--- Provided data ---
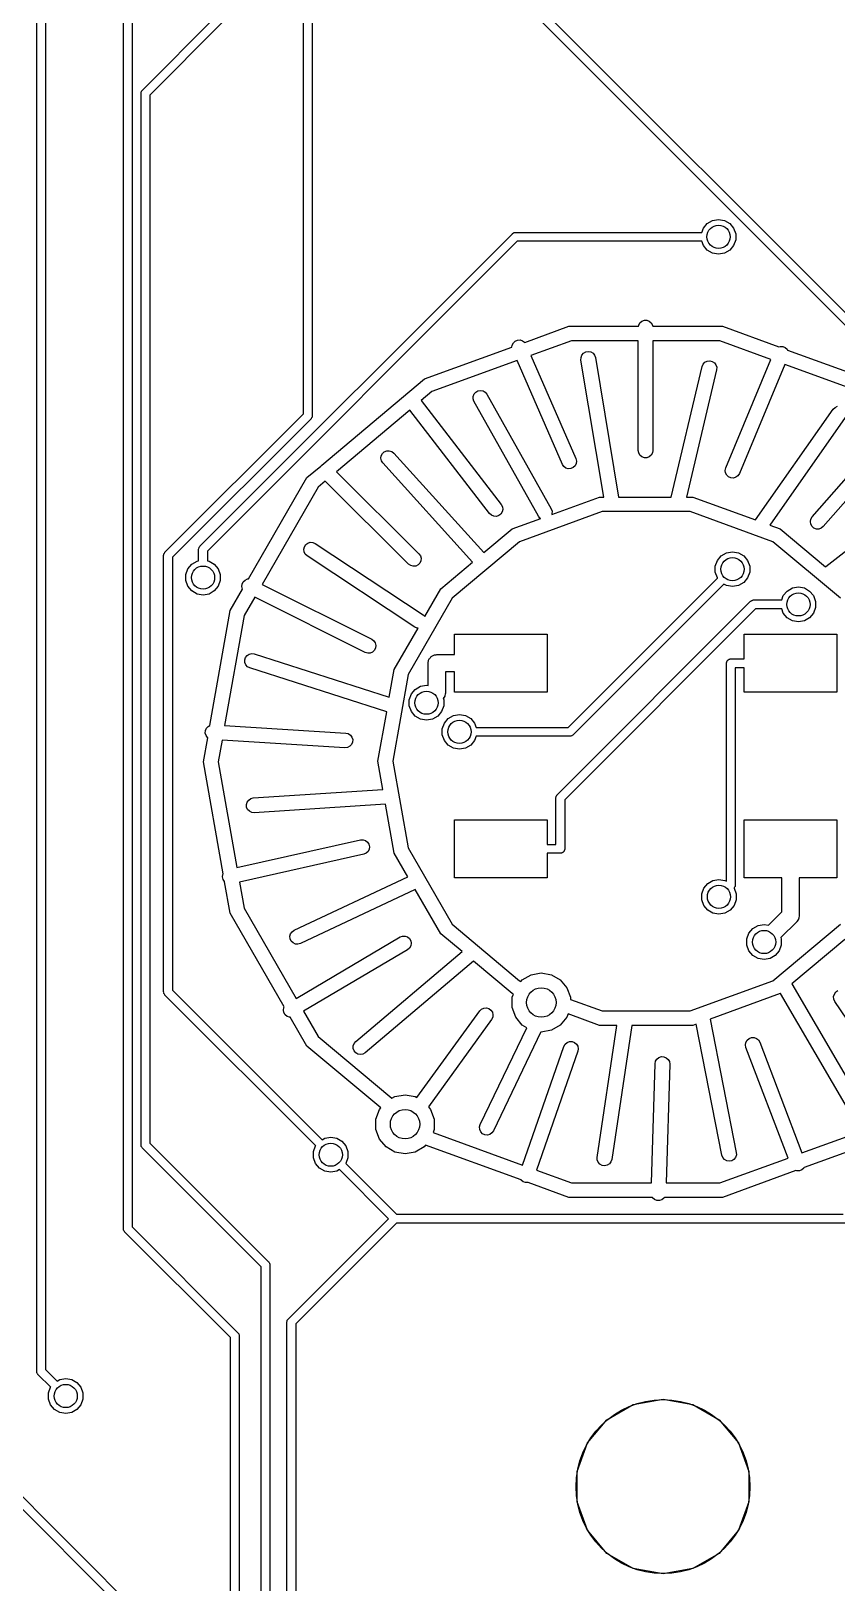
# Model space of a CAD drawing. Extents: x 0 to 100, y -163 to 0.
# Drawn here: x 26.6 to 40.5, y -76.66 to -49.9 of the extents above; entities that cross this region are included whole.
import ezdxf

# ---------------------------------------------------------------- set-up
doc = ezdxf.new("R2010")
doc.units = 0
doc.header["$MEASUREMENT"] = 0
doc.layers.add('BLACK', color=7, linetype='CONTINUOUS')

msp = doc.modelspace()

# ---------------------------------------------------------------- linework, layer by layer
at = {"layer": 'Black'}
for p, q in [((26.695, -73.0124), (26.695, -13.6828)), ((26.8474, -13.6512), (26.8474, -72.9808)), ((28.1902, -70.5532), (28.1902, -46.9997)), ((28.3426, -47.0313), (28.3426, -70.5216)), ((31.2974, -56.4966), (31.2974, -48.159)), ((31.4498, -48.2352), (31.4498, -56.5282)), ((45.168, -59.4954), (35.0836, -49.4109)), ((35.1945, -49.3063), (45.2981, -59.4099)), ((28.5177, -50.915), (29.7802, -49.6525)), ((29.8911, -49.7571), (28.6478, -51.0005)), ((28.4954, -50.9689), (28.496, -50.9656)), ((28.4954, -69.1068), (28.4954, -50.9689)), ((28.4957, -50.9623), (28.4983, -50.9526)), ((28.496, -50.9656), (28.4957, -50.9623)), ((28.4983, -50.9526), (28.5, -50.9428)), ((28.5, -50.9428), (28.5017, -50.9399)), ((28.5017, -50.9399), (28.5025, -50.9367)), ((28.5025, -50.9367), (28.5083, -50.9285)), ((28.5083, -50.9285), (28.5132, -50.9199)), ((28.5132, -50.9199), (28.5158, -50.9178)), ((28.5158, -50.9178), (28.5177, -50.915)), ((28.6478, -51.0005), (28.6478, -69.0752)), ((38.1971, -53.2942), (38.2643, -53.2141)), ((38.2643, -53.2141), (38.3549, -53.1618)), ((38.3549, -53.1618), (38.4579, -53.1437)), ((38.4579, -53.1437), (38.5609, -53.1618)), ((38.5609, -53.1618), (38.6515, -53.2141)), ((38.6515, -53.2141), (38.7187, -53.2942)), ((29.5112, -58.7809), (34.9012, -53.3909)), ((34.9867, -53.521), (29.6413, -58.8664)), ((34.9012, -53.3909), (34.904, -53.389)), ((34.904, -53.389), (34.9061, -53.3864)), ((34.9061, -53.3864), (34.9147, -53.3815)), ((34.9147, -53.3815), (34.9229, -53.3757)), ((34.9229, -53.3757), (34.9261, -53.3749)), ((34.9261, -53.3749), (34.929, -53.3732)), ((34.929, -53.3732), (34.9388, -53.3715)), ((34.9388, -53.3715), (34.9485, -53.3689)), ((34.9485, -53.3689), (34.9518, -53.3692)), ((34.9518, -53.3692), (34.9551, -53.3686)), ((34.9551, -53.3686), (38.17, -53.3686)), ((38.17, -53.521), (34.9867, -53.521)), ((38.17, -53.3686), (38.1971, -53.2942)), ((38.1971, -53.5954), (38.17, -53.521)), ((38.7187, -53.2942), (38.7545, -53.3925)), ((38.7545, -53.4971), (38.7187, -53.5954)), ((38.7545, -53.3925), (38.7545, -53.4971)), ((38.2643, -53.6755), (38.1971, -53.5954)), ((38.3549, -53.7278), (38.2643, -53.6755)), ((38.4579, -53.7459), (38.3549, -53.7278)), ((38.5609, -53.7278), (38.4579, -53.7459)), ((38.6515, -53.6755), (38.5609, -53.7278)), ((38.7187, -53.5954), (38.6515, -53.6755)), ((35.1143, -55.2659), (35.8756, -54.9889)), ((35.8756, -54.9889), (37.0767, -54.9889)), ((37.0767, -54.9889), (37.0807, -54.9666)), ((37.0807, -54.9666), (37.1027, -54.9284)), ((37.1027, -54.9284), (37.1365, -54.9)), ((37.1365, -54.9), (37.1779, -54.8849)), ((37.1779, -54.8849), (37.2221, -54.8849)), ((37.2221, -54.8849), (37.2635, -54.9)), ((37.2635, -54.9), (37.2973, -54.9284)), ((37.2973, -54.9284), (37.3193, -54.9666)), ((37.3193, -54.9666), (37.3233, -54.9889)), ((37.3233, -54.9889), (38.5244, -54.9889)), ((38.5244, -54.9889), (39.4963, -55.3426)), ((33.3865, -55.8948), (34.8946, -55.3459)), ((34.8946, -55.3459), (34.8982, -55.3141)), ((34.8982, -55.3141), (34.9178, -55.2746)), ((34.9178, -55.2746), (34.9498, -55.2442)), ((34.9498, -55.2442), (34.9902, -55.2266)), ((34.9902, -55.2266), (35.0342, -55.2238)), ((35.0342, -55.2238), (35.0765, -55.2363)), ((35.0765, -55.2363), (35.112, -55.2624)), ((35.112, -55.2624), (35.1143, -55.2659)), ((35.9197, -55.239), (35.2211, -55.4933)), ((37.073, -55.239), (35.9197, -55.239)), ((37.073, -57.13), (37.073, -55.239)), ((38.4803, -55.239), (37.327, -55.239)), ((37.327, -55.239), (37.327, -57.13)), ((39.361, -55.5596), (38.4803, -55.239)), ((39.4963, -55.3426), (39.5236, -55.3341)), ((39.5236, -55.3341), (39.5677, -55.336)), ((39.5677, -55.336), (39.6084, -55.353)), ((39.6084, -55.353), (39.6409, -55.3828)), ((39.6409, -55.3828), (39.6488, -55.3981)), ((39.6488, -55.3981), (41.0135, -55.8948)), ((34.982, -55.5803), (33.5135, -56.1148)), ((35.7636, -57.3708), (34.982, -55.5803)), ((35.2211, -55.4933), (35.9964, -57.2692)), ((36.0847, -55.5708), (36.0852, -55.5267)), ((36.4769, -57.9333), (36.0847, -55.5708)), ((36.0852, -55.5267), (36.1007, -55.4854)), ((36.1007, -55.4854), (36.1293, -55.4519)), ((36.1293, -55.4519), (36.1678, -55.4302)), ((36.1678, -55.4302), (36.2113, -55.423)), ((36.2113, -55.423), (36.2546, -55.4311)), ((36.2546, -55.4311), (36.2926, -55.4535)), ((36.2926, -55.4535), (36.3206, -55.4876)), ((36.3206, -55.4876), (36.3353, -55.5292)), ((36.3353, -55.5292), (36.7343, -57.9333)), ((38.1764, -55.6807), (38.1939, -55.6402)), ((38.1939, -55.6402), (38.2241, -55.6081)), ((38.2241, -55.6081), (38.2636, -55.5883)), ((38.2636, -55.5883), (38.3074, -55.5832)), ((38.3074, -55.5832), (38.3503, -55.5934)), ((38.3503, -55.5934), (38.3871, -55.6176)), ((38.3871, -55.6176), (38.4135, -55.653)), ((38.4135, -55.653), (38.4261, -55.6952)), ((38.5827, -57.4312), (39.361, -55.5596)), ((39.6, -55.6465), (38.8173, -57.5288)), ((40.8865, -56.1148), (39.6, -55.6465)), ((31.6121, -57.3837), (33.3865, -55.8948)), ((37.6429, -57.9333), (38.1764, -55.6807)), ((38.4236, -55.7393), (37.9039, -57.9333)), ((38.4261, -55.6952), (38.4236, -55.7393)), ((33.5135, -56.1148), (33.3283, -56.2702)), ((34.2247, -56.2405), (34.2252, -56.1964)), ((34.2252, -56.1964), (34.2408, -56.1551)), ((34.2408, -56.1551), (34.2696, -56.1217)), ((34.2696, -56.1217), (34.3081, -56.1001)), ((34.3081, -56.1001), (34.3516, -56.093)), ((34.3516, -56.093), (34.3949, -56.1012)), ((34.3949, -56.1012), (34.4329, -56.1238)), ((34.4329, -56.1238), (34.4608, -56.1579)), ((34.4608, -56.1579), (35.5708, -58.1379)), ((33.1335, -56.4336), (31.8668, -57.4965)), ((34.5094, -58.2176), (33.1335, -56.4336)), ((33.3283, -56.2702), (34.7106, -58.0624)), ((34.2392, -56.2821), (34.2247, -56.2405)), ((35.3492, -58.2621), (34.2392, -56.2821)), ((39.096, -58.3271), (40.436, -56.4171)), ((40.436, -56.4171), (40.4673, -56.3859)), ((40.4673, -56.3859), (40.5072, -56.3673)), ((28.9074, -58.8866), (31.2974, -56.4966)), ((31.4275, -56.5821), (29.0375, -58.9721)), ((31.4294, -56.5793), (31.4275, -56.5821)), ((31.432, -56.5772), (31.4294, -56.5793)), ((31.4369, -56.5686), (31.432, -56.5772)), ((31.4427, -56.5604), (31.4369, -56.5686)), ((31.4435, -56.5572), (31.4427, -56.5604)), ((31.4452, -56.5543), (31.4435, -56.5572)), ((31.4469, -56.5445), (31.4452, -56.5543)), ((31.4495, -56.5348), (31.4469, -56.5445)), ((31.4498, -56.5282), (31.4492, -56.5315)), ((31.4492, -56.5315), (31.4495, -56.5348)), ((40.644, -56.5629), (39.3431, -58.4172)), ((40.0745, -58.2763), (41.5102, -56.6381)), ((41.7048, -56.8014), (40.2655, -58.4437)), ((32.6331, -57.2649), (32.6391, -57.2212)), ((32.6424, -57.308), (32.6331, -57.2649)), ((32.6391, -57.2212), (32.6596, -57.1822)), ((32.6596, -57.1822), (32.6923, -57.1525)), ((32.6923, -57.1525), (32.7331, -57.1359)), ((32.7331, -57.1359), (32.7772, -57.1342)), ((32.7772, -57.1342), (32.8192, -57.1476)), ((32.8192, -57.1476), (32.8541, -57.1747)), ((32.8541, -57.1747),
---
Problem requirements. Find the line with "import ezdxf" in the entries above. Retype it and each line after it, exactly, through the line with "msp = doc.modelspace()", and stop there.

Answer for this exercise.
import ezdxf

# ---------------------------------------------------------------- set-up
doc = ezdxf.new("R2010")
doc.units = 0
doc.header["$MEASUREMENT"] = 0
doc.layers.add('BLACK', color=7, linetype='CONTINUOUS')

msp = doc.modelspace()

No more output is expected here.